→ TASK REQUIREMENTS
The entries below contain a line with "#72=CARTESIAN_POINT('',(0.,152.635416666667,204.04963022904));" and a line with "#100=CARTESIAN_POINT('',(0.,20.9479166666667,72.3621302290398));". Retype exactly everything from the first down to the second, both included, and nothing else.

[[ MATERIAL SUPPLIED, beginning ]]

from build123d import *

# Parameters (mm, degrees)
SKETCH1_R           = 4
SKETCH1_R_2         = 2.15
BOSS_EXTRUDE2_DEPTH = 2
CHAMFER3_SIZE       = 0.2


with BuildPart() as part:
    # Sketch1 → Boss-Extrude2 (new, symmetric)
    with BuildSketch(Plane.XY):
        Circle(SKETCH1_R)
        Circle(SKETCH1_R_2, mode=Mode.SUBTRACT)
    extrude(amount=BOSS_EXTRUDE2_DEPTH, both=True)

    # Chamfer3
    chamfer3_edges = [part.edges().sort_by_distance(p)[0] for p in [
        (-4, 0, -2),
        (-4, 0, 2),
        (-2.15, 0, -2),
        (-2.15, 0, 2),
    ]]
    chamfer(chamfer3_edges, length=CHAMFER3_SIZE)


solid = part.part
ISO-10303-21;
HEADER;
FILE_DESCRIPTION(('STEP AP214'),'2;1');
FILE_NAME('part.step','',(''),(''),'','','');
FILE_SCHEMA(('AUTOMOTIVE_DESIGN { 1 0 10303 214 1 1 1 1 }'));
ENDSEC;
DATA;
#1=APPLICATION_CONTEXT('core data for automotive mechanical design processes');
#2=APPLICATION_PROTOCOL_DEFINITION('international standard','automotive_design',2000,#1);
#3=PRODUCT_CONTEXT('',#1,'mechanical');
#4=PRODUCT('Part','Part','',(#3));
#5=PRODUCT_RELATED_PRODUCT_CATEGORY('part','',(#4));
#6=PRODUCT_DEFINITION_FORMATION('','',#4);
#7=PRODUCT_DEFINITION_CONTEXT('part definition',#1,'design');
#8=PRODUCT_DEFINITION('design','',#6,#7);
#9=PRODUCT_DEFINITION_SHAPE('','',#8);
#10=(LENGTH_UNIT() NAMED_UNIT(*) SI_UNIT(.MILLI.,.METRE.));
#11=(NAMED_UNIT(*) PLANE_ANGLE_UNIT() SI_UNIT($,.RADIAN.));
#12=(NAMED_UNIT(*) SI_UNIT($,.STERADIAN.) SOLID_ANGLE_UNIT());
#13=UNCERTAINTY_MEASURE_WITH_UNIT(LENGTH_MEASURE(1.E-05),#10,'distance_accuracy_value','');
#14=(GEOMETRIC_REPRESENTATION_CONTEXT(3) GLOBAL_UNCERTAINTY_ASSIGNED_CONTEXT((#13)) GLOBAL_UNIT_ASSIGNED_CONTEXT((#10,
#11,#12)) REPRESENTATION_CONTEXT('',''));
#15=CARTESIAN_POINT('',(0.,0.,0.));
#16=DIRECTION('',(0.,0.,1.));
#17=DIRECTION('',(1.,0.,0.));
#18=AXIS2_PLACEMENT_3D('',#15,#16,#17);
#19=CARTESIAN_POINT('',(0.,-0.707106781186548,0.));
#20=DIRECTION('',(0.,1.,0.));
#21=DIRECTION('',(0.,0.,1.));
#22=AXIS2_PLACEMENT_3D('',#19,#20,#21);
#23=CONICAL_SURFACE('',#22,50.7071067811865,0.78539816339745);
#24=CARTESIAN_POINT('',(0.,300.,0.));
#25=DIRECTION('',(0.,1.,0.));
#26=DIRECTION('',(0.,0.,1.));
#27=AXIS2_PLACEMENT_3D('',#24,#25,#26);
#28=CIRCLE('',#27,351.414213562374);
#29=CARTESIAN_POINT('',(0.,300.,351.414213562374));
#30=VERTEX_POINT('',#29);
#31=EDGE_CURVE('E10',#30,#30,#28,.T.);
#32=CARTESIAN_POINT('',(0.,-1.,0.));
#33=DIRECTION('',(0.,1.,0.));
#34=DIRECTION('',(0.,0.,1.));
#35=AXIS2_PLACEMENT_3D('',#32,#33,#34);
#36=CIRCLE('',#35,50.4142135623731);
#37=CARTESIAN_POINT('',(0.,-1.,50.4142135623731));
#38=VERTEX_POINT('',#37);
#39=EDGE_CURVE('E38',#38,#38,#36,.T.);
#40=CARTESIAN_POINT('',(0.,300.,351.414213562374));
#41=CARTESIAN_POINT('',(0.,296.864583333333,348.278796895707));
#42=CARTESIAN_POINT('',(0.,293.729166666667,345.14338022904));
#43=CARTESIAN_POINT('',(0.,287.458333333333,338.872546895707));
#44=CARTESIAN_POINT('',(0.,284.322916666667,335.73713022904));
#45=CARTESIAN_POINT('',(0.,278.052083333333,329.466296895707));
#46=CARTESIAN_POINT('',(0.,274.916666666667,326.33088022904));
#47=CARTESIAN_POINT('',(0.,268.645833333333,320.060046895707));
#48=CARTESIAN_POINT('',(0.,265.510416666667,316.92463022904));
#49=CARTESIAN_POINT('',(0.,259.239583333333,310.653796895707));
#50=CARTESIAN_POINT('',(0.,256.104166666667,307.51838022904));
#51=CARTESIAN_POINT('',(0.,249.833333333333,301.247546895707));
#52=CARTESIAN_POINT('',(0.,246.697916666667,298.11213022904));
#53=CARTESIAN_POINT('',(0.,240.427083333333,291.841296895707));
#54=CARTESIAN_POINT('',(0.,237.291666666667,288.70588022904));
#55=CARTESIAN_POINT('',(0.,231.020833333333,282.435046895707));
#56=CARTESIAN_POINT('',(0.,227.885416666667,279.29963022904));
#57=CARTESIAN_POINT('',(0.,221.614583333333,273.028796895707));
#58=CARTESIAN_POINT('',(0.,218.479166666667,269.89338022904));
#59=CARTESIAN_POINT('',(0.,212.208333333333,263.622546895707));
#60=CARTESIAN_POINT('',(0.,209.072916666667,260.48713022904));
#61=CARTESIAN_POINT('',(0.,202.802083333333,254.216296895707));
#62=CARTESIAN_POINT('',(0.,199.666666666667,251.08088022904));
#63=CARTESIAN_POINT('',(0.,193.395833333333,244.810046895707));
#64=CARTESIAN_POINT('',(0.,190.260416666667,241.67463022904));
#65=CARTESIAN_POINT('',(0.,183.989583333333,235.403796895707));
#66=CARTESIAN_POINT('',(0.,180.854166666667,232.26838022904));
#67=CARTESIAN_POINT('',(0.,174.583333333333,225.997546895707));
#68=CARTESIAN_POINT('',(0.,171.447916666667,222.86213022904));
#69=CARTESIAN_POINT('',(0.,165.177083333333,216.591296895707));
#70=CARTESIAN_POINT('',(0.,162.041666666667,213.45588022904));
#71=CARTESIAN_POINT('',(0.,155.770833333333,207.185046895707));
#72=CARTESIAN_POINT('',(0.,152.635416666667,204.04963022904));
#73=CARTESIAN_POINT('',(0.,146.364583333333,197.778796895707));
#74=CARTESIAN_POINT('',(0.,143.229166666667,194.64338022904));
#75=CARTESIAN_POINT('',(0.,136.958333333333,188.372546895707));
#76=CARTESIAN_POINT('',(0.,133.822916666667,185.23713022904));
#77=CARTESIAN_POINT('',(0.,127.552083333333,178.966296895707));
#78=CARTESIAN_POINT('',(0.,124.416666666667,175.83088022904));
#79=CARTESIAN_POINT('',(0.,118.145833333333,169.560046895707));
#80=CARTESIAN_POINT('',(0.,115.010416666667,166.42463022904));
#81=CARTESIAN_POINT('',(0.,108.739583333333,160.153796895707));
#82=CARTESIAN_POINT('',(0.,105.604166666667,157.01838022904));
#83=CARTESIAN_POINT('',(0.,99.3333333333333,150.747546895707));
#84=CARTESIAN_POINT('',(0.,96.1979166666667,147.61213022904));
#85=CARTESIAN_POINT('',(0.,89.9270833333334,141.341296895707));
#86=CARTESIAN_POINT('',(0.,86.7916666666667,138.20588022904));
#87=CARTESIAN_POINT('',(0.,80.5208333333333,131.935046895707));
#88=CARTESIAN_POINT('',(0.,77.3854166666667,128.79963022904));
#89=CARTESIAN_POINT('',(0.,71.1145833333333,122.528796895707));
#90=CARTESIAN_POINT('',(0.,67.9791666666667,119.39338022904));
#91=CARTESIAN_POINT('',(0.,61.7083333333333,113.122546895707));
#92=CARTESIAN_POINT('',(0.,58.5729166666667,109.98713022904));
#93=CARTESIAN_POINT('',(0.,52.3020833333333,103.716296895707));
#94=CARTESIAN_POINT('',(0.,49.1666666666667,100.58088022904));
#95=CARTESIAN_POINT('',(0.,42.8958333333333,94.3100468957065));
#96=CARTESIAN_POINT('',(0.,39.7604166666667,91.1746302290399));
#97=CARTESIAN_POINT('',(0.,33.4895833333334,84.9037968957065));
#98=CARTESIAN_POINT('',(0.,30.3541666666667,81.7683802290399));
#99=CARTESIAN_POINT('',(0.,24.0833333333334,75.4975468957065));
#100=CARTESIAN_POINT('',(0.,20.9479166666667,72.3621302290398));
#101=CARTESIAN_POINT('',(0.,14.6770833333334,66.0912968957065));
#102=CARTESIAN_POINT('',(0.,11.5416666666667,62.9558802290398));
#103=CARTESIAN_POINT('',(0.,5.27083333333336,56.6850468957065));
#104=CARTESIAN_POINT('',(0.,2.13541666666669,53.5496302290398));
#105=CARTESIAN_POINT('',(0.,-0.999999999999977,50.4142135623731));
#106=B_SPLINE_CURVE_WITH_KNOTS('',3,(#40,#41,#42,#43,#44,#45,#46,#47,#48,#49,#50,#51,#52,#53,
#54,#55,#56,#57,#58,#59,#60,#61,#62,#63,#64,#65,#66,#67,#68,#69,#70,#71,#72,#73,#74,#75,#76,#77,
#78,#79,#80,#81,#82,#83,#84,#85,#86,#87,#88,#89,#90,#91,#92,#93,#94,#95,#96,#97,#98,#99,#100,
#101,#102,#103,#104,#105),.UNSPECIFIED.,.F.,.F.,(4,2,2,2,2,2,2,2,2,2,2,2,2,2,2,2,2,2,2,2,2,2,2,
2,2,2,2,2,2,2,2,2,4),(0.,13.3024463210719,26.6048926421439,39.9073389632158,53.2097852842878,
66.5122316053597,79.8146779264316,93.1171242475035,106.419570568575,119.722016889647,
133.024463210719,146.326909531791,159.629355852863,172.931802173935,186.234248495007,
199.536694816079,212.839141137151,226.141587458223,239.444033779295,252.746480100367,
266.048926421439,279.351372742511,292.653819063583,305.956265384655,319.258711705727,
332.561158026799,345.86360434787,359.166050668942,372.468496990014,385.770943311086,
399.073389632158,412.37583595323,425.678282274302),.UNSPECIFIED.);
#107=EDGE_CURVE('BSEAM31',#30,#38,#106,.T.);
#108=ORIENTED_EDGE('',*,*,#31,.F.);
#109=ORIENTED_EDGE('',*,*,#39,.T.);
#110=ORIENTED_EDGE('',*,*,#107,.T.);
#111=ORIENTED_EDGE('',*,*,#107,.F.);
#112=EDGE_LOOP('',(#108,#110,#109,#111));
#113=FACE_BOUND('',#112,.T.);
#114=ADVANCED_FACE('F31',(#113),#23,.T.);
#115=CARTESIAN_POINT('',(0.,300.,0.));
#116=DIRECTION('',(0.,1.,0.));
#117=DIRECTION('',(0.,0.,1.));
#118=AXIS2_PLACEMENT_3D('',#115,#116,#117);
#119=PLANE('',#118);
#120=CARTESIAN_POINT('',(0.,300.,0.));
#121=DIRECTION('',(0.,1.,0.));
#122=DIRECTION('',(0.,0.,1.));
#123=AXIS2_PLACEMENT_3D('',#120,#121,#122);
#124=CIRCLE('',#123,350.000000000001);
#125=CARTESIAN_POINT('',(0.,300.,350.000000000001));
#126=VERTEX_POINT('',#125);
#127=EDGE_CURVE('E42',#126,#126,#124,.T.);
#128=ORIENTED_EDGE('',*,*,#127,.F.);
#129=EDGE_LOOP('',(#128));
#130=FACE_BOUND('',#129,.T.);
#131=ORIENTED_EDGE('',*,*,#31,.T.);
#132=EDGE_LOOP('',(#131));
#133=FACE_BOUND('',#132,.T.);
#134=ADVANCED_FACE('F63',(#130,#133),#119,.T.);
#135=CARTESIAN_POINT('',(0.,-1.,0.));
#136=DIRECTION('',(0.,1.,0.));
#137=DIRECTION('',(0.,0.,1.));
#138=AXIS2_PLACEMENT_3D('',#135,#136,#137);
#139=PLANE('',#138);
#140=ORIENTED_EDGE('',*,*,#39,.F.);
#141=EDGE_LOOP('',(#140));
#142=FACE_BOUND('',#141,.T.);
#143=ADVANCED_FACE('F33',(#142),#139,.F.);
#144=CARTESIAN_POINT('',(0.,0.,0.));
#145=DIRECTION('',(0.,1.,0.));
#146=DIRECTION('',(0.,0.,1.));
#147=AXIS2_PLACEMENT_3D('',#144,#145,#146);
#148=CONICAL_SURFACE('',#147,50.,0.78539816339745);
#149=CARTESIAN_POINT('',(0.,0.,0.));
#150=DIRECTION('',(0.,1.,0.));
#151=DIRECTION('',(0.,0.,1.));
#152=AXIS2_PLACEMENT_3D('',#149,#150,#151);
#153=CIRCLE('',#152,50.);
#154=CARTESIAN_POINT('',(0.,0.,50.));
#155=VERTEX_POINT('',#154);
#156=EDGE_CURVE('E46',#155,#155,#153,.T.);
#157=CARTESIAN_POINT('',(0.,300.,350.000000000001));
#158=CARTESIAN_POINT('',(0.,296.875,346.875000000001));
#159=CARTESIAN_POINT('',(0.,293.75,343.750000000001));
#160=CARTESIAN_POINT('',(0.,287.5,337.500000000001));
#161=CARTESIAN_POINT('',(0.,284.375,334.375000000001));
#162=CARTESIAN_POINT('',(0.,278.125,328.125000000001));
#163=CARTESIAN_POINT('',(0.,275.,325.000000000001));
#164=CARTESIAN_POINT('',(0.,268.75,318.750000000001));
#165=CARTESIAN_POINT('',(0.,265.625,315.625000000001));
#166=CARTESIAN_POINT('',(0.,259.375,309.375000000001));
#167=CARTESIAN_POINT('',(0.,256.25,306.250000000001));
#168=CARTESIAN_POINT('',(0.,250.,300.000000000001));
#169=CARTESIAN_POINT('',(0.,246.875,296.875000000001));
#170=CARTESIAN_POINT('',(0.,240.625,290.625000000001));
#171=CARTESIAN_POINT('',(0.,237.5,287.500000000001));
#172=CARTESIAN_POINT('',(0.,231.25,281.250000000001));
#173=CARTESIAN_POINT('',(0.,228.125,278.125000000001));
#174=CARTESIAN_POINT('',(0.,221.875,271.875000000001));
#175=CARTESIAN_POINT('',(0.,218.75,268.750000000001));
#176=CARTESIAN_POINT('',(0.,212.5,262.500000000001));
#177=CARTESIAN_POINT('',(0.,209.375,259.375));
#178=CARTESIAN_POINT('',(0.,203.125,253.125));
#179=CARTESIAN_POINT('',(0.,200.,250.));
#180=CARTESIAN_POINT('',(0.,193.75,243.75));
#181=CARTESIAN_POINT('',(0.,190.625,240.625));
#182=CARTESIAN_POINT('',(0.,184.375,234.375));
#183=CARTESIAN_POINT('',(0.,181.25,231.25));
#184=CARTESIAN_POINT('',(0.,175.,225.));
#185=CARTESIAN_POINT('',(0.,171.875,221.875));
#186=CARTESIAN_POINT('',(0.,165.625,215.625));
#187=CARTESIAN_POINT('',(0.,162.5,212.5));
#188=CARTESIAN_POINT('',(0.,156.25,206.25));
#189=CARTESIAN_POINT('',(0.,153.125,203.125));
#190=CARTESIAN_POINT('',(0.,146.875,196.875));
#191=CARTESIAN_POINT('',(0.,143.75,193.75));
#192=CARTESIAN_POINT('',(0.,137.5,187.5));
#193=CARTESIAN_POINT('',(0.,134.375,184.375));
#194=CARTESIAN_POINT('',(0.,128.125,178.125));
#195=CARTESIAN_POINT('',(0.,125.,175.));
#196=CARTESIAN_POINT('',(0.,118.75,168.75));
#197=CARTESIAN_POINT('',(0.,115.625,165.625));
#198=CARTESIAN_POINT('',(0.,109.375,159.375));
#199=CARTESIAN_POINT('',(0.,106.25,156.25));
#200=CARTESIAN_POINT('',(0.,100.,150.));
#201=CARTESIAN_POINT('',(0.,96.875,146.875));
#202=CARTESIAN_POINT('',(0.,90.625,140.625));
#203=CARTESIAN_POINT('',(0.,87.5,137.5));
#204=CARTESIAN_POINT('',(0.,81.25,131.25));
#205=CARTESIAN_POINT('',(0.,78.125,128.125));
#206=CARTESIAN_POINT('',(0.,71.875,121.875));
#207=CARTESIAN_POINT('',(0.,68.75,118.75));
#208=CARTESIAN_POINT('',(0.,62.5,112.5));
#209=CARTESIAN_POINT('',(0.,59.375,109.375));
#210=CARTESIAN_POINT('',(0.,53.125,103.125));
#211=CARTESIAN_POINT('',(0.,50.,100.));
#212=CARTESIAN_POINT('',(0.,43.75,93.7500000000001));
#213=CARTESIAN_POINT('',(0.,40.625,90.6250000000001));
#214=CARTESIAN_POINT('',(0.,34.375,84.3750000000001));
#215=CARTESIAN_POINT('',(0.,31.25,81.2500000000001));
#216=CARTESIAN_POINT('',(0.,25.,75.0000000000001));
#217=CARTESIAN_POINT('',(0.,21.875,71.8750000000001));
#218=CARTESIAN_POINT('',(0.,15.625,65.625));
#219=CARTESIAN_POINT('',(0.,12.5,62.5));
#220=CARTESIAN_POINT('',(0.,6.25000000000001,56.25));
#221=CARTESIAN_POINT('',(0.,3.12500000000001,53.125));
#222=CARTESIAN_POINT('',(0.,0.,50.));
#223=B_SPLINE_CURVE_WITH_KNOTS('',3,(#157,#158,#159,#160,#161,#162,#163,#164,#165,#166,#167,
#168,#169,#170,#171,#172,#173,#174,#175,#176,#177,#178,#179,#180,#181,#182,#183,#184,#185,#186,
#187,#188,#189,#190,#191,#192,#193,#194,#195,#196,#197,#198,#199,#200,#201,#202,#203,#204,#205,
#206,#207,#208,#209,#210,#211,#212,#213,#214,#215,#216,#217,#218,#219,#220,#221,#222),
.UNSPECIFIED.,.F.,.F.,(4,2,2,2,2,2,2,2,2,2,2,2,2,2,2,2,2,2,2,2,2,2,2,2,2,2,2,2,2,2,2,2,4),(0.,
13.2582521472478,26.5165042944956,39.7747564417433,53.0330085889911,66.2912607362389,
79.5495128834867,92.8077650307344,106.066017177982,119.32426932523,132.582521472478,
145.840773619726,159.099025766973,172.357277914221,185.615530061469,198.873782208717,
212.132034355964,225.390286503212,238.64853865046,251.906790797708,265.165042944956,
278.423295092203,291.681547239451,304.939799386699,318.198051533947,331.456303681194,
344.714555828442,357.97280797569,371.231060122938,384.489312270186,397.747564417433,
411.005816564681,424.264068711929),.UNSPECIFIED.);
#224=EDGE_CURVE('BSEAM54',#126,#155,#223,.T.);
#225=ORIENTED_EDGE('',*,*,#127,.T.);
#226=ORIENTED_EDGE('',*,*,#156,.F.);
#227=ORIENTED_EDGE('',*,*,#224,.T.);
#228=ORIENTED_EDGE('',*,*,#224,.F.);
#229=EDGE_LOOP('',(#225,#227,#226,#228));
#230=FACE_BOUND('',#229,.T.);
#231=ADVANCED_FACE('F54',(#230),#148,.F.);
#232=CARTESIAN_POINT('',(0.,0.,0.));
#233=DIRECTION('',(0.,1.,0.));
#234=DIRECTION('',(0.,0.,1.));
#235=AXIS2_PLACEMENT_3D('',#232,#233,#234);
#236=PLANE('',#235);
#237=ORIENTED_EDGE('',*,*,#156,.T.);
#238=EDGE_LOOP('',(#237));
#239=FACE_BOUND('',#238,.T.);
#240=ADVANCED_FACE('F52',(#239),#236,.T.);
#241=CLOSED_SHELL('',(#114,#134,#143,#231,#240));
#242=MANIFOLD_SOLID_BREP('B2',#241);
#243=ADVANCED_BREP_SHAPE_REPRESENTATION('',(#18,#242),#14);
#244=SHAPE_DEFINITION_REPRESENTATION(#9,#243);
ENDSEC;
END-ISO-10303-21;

[[ MATERIAL SUPPLIED, end ]]

→ TASK OUTPUT
#72=CARTESIAN_POINT('',(0.,152.635416666667,204.04963022904));
#73=CARTESIAN_POINT('',(0.,146.364583333333,197.778796895707));
#74=CARTESIAN_POINT('',(0.,143.229166666667,194.64338022904));
#75=CARTESIAN_POINT('',(0.,136.958333333333,188.372546895707));
#76=CARTESIAN_POINT('',(0.,133.822916666667,185.23713022904));
#77=CARTESIAN_POINT('',(0.,127.552083333333,178.966296895707));
#78=CARTESIAN_POINT('',(0.,124.416666666667,175.83088022904));
#79=CARTESIAN_POINT('',(0.,118.145833333333,169.560046895707));
#80=CARTESIAN_POINT('',(0.,115.010416666667,166.42463022904));
#81=CARTESIAN_POINT('',(0.,108.739583333333,160.153796895707));
#82=CARTESIAN_POINT('',(0.,105.604166666667,157.01838022904));
#83=CARTESIAN_POINT('',(0.,99.3333333333333,150.747546895707));
#84=CARTESIAN_POINT('',(0.,96.1979166666667,147.61213022904));
#85=CARTESIAN_POINT('',(0.,89.9270833333334,141.341296895707));
#86=CARTESIAN_POINT('',(0.,86.7916666666667,138.20588022904));
#87=CARTESIAN_POINT('',(0.,80.5208333333333,131.935046895707));
#88=CARTESIAN_POINT('',(0.,77.3854166666667,128.79963022904));
#89=CARTESIAN_POINT('',(0.,71.1145833333333,122.528796895707));
#90=CARTESIAN_POINT('',(0.,67.9791666666667,119.39338022904));
#91=CARTESIAN_POINT('',(0.,61.7083333333333,113.122546895707));
#92=CARTESIAN_POINT('',(0.,58.5729166666667,109.98713022904));
#93=CARTESIAN_POINT('',(0.,52.3020833333333,103.716296895707));
#94=CARTESIAN_POINT('',(0.,49.1666666666667,100.58088022904));
#95=CARTESIAN_POINT('',(0.,42.8958333333333,94.3100468957065));
#96=CARTESIAN_POINT('',(0.,39.7604166666667,91.1746302290399));
#97=CARTESIAN_POINT('',(0.,33.4895833333334,84.9037968957065));
#98=CARTESIAN_POINT('',(0.,30.3541666666667,81.7683802290399));
#99=CARTESIAN_POINT('',(0.,24.0833333333334,75.4975468957065));
#100=CARTESIAN_POINT('',(0.,20.9479166666667,72.3621302290398));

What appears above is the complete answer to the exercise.